È proprio con le parole di Khaled al-Asaad, barbaramente ucciso dall’Isis nel tentativo di difendere il sito archeologico di Palmira di cui era direttore da oltre 30 anni, che si apre la mostra “Anche le statue muoiono. Conflitto e patrimonio tra antico e contemporaneo” ospitata fino al 6 gennaio nella sala mostre a lui dedicata presso il Museo Egizio di Torino.
Attraverso l’incontro degli sguardi di nove artisti, il Museo Egizio di Torino sceglie di aprirsi per la prima volta all’arte contemporanea allo scopo di rispondere ad alcuni quesiti circa il valore del patrimonio culturale nella costruzione dell’identità di un popolo, il ruolo dei musei nella conservazione delle opere e il valore della riparazione in seguito a una “ferita” inflitta al patrimonio.
L’esposizione convoglia la riflessione e cerca di rispondere a questi interrogativi attraverso il dialogo tra reperti antichi e opere di artisti contemporanei, molti dei quali originari di Paesi in cui i conflitti hanno messo a rischio e talvolta distrutto il patrimonio, come Iraq, Iran e Libano.

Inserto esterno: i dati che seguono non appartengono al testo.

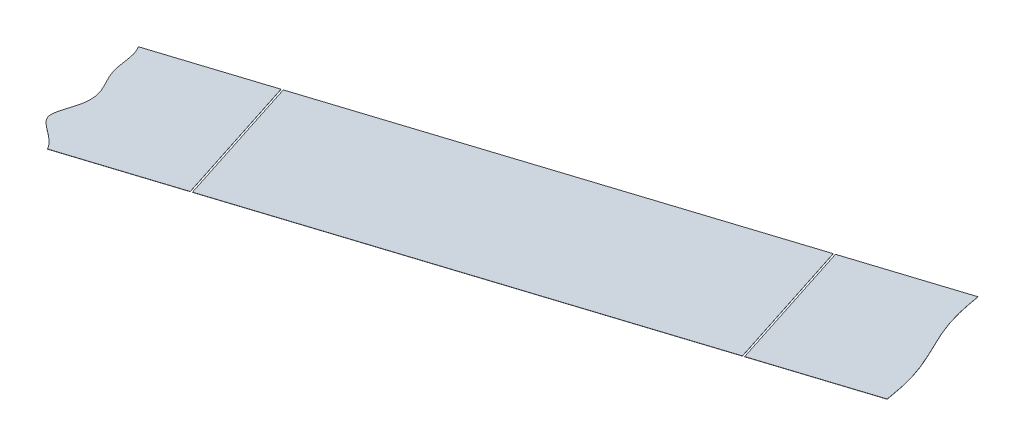
ISO-10303-21;
HEADER;
FILE_DESCRIPTION(('STEP AP214'),'2;1');
FILE_NAME('part.step','',(''),(''),'','','');
FILE_SCHEMA(('AUTOMOTIVE_DESIGN { 1 0 10303 214 1 1 1 1 }'));
ENDSEC;
DATA;
#1=APPLICATION_CONTEXT('core data for automotive mechanical design processes');
#2=APPLICATION_PROTOCOL_DEFINITION('international standard','automotive_design',2000,#1);
#3=PRODUCT_CONTEXT('',#1,'mechanical');
#4=PRODUCT('Part','Part','',(#3));
#5=PRODUCT_RELATED_PRODUCT_CATEGORY('part','',(#4));
#6=PRODUCT_DEFINITION_FORMATION('','',#4);
#7=PRODUCT_DEFINITION_CONTEXT('part definition',#1,'design');
#8=PRODUCT_DEFINITION('design','',#6,#7);
#9=PRODUCT_DEFINITION_SHAPE('','',#8);
#10=(LENGTH_UNIT() NAMED_UNIT(*) SI_UNIT(.MILLI.,.METRE.));
#11=(NAMED_UNIT(*) PLANE_ANGLE_UNIT() SI_UNIT($,.RADIAN.));
#12=(NAMED_UNIT(*) SI_UNIT($,.STERADIAN.) SOLID_ANGLE_UNIT());
#13=UNCERTAINTY_MEASURE_WITH_UNIT(LENGTH_MEASURE(1.E-05),#10,'distance_accuracy_value','');
#14=(GEOMETRIC_REPRESENTATION_CONTEXT(3) GLOBAL_UNCERTAINTY_ASSIGNED_CONTEXT((#13)) GLOBAL_UNIT_ASSIGNED_CONTEXT((#10,
#11,#12)) REPRESENTATION_CONTEXT('',''));
#15=CARTESIAN_POINT('',(0.,0.,0.));
#16=DIRECTION('',(0.,0.,1.));
#17=DIRECTION('',(1.,0.,0.));
#18=AXIS2_PLACEMENT_3D('',#15,#16,#17);
#19=CARTESIAN_POINT('',(719.344625514833,60.3000999940948,-202.533394104968));
#20=DIRECTION('',(0.304317580977551,-0.00396825396825686,0.952562366917996));
#21=DIRECTION('',(0.952569867025211,0.,-0.304319977056342));
#22=AXIS2_PLACEMENT_3D('',#19,#20,#21);
#23=PLANE('',#22);
#24=DIRECTION('',(0.00120761895657136,0.999992126449225,0.00378003915485746));
#25=VECTOR('',#24,1.);
#26=CARTESIAN_POINT('',(1017.77966003325,50.4001779422475,-297.916453885646));
#27=LINE('',#26,#25);
#28=CARTESIAN_POINT('',(1017.79161546092,60.3000999940948,-297.879031498012));
#29=VERTEX_POINT('',#28);
#30=CARTESIAN_POINT('',(1017.79173622281,60.4000992067397,-297.878653494097));
#31=VERTEX_POINT('',#30);
#32=EDGE_CURVE('E65',#29,#31,#27,.T.);
#33=ORIENTED_EDGE('',*,*,#32,.T.);
#34=DIRECTION('',(0.952569867025211,0.,-0.304319977056342));
#35=VECTOR('',#34,1.);
#36=CARTESIAN_POINT('',(719.344746276728,60.4000992067398,-202.533016101052));
#37=LINE('',#36,#35);
#38=CARTESIAN_POINT('',(781.554409200559,60.4000992067398,-222.407299184124));
#39=VERTEX_POINT('',#38);
#40=EDGE_CURVE('E100',#39,#31,#37,.T.);
#41=ORIENTED_EDGE('',*,*,#40,.F.);
#42=DIRECTION('',(0.00120761895657136,0.999992126449225,0.00378003915485746));
#43=VECTOR('',#42,1.);
#44=CARTESIAN_POINT('',(781.542333010994,50.4001779422475,-222.445099575673));
#45=LINE('',#44,#43);
#46=CARTESIAN_POINT('',(781.554288438664,60.3000999940948,-222.407677188039));
#47=VERTEX_POINT('',#46);
#48=EDGE_CURVE('E115',#47,#39,#45,.T.);
#49=ORIENTED_EDGE('',*,*,#48,.F.);
#50=DIRECTION('',(0.952569867025211,0.,-0.304319977056342));
#51=VECTOR('',#50,1.);
#52=CARTESIAN_POINT('',(719.344625514833,60.3000999940948,-202.533394104968));
#53=LINE('',#52,#51);
#54=EDGE_CURVE('E53',#47,#29,#53,.T.);
#55=ORIENTED_EDGE('',*,*,#54,.T.);
#56=EDGE_LOOP('',(#33,#41,#49,#55));
#57=FACE_BOUND('',#56,.T.);
#58=ADVANCED_FACE('F50',(#57),#23,.T.);
#59=CARTESIAN_POINT('',(695.210675421734,60.6151075220585,-278.157063700866));
#60=DIRECTION('',(0.304317580977552,-0.00396825396825686,0.952562366917996));
#61=DIRECTION('',(0.95256986702521,0.,-0.304319977056343));
#62=AXIS2_PLACEMENT_3D('',#59,#60,#61);
#63=PLANE('',#62);
#64=DIRECTION('',(0.95256986702521,0.,-0.304319977056343));
#65=VECTOR('',#64,1.);
#66=CARTESIAN_POINT('',(695.21079618363,60.7151067347034,-278.15668569695));
#67=LINE('',#66,#65);
#68=CARTESIAN_POINT('',(757.397102317828,60.7151067347034,-298.023506925589));
#69=VERTEX_POINT('',#68);
#70=CARTESIAN_POINT('',(993.634429340078,60.7151067347034,-373.494861235561));
#71=VERTEX_POINT('',#70);
#72=EDGE_CURVE('E98',#69,#71,#67,.T.);
#73=ORIENTED_EDGE('',*,*,#72,.T.);
#74=DIRECTION('',(0.00120761895657136,0.999992126449225,0.00378003915485746));
#75=VECTOR('',#74,1.);
#76=CARTESIAN_POINT('',(993.622353150515,50.7151854702111,-373.532661627111));
#77=LINE('',#76,#75);
#78=CARTESIAN_POINT('',(993.634308578185,60.6151075220585,-373.495239239478));
#79=VERTEX_POINT('',#78);
#80=EDGE_CURVE('E59',#79,#71,#77,.T.);
#81=ORIENTED_EDGE('',*,*,#80,.F.);
#82=DIRECTION('',(0.95256986702521,0.,-0.304319977056343));
#83=VECTOR('',#82,1.);
#84=CARTESIAN_POINT('',(695.210675421734,60.6151075220585,-278.157063700866));
#85=LINE('',#84,#83);
#86=CARTESIAN_POINT('',(757.396981555932,60.6151075220585,-298.023884929505));
#87=VERTEX_POINT('',#86);
#88=EDGE_CURVE('E104',#87,#79,#85,.T.);
#89=ORIENTED_EDGE('',*,*,#88,.F.);
#90=DIRECTION('',(0.00120761895657136,0.999992126449225,0.00378003915485746));
#91=VECTOR('',#90,1.);
#92=CARTESIAN_POINT('',(757.385026128262,50.7151854702111,-298.061307317138));
#93=LINE('',#92,#91);
#94=EDGE_CURVE('E103',#87,#69,#93,.T.);
#95=ORIENTED_EDGE('',*,*,#94,.T.);
#96=EDGE_LOOP('',(#73,#81,#89,#95));
#97=FACE_BOUND('',#96,.T.);
#98=ADVANCED_FACE('F102',(#97),#63,.F.);
#99=CARTESIAN_POINT('',(5838.61778854749,45.2761310138992,2136.52157608123));
#100=DIRECTION('',(-0.00120761895657136,-0.999992126449225,-0.00378003915485746));
#101=DIRECTION('',(0.,0.00378004191115832,-0.999992855616054));
#102=AXIS2_PLACEMENT_3D('',#99,#100,#101);
#103=PLANE('',#102);
#104=DIRECTION('',(-0.304317580977555,0.00396825396824926,-0.952562366917995));
#105=VECTOR('',#104,1.);
#106=CARTESIAN_POINT('',(2169.9502054395,45.2761310138992,3308.56036648025));
#107=LINE('',#106,#105);
#108=EDGE_CURVE('E87',#29,#79,#107,.T.);
#109=ORIENTED_EDGE('',*,*,#108,.F.);
#110=ORIENTED_EDGE('',*,*,#54,.F.);
#111=DIRECTION('',(0.304317580977553,-0.00396825396824926,0.952562366917996));
#112=VECTOR('',#111,1.);
#113=CARTESIAN_POINT('',(1933.71287841723,45.2761310138992,3384.03172079022));
#114=LINE('',#113,#112);
#115=EDGE_CURVE('E109',#87,#47,#114,.T.);
#116=ORIENTED_EDGE('',*,*,#115,.F.);
#117=ORIENTED_EDGE('',*,*,#88,.T.);
#118=EDGE_LOOP('',(#109,#110,#116,#117));
#119=FACE_BOUND('',#118,.T.);
#120=ADVANCED_FACE('F124',(#119),#103,.T.);
#121=CARTESIAN_POINT('',(5838.61790930938,45.3761302265441,2136.52195408514));
#122=DIRECTION('',(-0.00120761895657136,-0.999992126449225,-0.00378003915485746));
#123=DIRECTION('',(0.,0.00378004191115832,-0.999992855616054));
#124=AXIS2_PLACEMENT_3D('',#121,#122,#123);
#125=PLANE('',#124);
#126=ORIENTED_EDGE('',*,*,#40,.T.);
#127=DIRECTION('',(0.304317580977555,-0.00396825396824926,0.952562366917995));
#128=VECTOR('',#127,1.);
#129=CARTESIAN_POINT('',(1017.79173622281,60.4000992067397,-297.878653494097));
#130=LINE('',#129,#128);
#131=EDGE_CURVE('E14',#71,#31,#130,.T.);
#132=ORIENTED_EDGE('',*,*,#131,.F.);
#133=ORIENTED_EDGE('',*,*,#72,.F.);
#134=DIRECTION('',(-0.304317580977553,0.00396825396824926,-0.952562366917996));
#135=VECTOR('',#134,1.);
#136=CARTESIAN_POINT('',(781.554409200559,60.4000992067397,-222.407299184124));
#137=LINE('',#136,#135);
#138=EDGE_CURVE('E113',#39,#69,#137,.T.);
#139=ORIENTED_EDGE('',*,*,#138,.F.);
#140=EDGE_LOOP('',(#126,#132,#133,#139));
#141=FACE_BOUND('',#140,.T.);
#142=ADVANCED_FACE('F96',(#141),#125,.F.);
#143=CARTESIAN_POINT('',(781.542333010994,50.4001779422475,-222.445099575673));
#144=DIRECTION('',(0.95256986702521,0.,-0.304319977056344));
#145=DIRECTION('',(-0.304319977056344,0.,-0.95256986702521));
#146=AXIS2_PLACEMENT_3D('',#143,#144,#145);
#147=PLANE('',#146);
#148=ORIENTED_EDGE('',*,*,#115,.T.);
#149=ORIENTED_EDGE('',*,*,#48,.T.);
#150=ORIENTED_EDGE('',*,*,#138,.T.);
#151=ORIENTED_EDGE('',*,*,#94,.F.);
#152=EDGE_LOOP('',(#148,#149,#150,#151));
#153=FACE_BOUND('',#152,.T.);
#154=ADVANCED_FACE('F118',(#153),#147,.F.);
#155=CARTESIAN_POINT('',(1017.77966003325,50.4001779422475,-297.916453885646));
#156=DIRECTION('',(-0.952569867025209,0.,0.304319977056347));
#157=DIRECTION('',(0.304319977056347,0.,0.952569867025209));
#158=AXIS2_PLACEMENT_3D('',#155,#156,#157);
#159=PLANE('',#158);
#160=ORIENTED_EDGE('',*,*,#108,.T.);
#161=ORIENTED_EDGE('',*,*,#80,.T.);
#162=ORIENTED_EDGE('',*,*,#131,.T.);
#163=ORIENTED_EDGE('',*,*,#32,.F.);
#164=EDGE_LOOP('',(#160,#161,#162,#163));
#165=FACE_BOUND('',#164,.T.);
#166=ADVANCED_FACE('F86',(#165),#159,.F.);
#167=CLOSED_SHELL('',(#58,#98,#120,#142,#154,#166));
#168=MANIFOLD_SOLID_BREP('B2',#167);
#169=CARTESIAN_POINT('',(1079.99140488339,60.3000999940948,-317.750160267882));
#170=CARTESIAN_POINT('',(1079.92356731361,60.3016833300024,-318.147352319159));
#171=CARTESIAN_POINT('',(1079.88592274932,60.302560990407,-318.367506971225));
#172=CARTESIAN_POINT('',(1079.82759921111,60.3039207686674,-318.708597338534));
#173=CARTESIAN_POINT('',(1079.6629901955,60.3077470702284,-319.668239902551));
#174=CARTESIAN_POINT('',(1079.56738179669,60.3099439793437,-320.218877929771));
#175=CARTESIAN_POINT('',(1079.4534072909,60.3125629085778,-320.875291987508));
#176=CARTESIAN_POINT('',(1079.2372613917,60.3174379505536,-322.095909424955));
#177=CARTESIAN_POINT('',(1079.01470139131,60.3223330649001,-323.31978778697));
#178=CARTESIAN_POINT('',(1078.78471813555,60.3272373684285,-324.543725578401));
#179=CARTESIAN_POINT('',(1078.54608484687,60.3321466282667,-325.766211090459));
#180=CARTESIAN_POINT('',(1078.29755977005,60.3370588524091,-326.986320640341));
#181=CARTESIAN_POINT('',(1078.03795514102,60.3419729787801,-328.203393802748));
#182=CARTESIAN_POINT('',(1077.76617004206,60.3468883860321,-329.41691448989));
#183=CARTESIAN_POINT('',(1077.48121024744,60.3518046839513,-330.626461844639));
#184=CARTESIAN_POINT('',(1077.1822022832,60.3567216125842,-331.8316880465));
#185=CARTESIAN_POINT('',(1076.70917971619,60.3641341193159,-333.641515159357));
#186=CARTESIAN_POINT('',(1076.0208396841,60.3739451996138,-336.017085943317));
#187=CARTESIAN_POINT('',(1075.26769485035,60.3837575162598,-338.372280438731));
#188=CARTESIAN_POINT('',(1074.44996452213,60.3935685446923,-340.706500846949));
#189=CARTESIAN_POINT('',(1073.78512303586,60.4009815517373,-342.455179425547));
#190=CARTESIAN_POINT('',(1073.329412452,60.4058984586714,-343.610337692954));
#191=CARTESIAN_POINT('',(1072.85978452213,60.4108147266564,-344.760880718478));
#192=CARTESIAN_POINT('',(1072.37715838271,60.4157300909802,-345.907032112702));
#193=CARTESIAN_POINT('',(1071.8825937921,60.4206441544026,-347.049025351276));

La mostra diffusa è frutto dell’impegno sinergico di quattro importanti istituzioni torinesi: Museo Egizio, Fondazione Sandretto Re Rebaudengo, Musei Reali, Centro Ricerche Archeologiche e Scavi di Torino, nell’elaborare un progetto scientifico corale che ripercorra il tema della vulnerabilità, della distruzione sistematica e consapevole del patrimonio culturale e – contestualmente – dell’importanza della sua conservazione e tutela.
Il percorso espositivo si snoda attraverso un dialogo tra i reperti antichi e le opere contemporanee dando vita a un dinamismo coinvolgente che invita il visitatore alla riflessione su più tematiche.
Approcciandosi al percorso espositivo vengono immediatamente stimolati i primi interrogativi concentrati sul tema delle distruzioni e del saccheggio. Cosa spinge uomini e popolazioni a distruggere il patrimonio culturale di altri popoli? Ci si interroga sulla bramosia che comporta verosimilmente un latente tentativo di mistificazione dell’identità altrui e un conseguente desiderio di annichilimento della memoria.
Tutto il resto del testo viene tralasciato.